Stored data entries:
··········
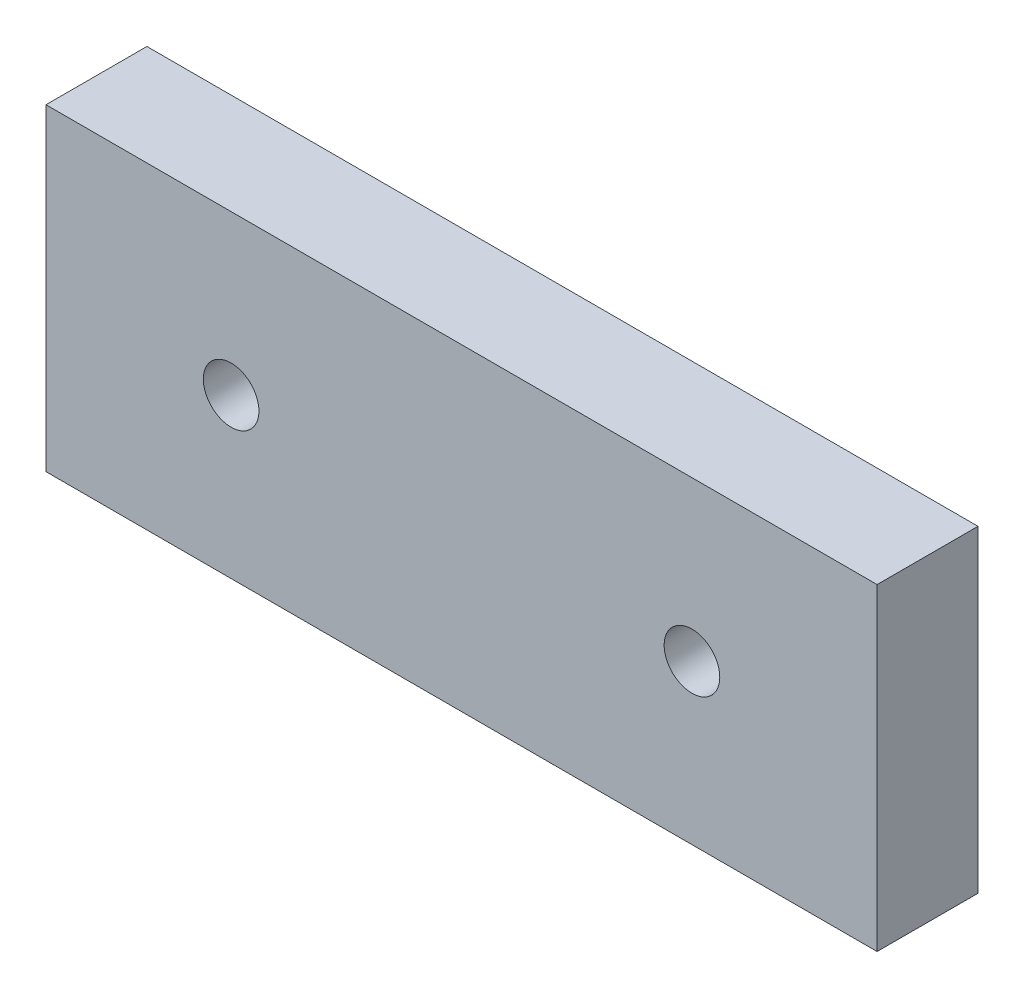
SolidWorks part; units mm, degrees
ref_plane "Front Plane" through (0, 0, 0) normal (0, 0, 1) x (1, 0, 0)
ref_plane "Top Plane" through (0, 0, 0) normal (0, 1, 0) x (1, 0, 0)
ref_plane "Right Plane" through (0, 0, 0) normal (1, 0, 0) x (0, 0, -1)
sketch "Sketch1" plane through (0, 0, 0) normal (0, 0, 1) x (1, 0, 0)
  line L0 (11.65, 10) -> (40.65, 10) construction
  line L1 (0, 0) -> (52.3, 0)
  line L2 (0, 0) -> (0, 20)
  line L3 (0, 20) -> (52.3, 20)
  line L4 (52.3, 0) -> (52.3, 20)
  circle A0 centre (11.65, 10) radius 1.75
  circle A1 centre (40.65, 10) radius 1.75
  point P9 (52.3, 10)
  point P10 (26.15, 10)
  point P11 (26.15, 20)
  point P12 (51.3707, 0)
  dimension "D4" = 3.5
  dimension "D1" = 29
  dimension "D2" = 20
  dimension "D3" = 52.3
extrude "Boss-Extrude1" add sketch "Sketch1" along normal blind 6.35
··········
_WORK TO BE COMPLETED:_ Count every line above that holds the string "radius" and give the total, nothing more.

_EXERCISE RESULT:_ 2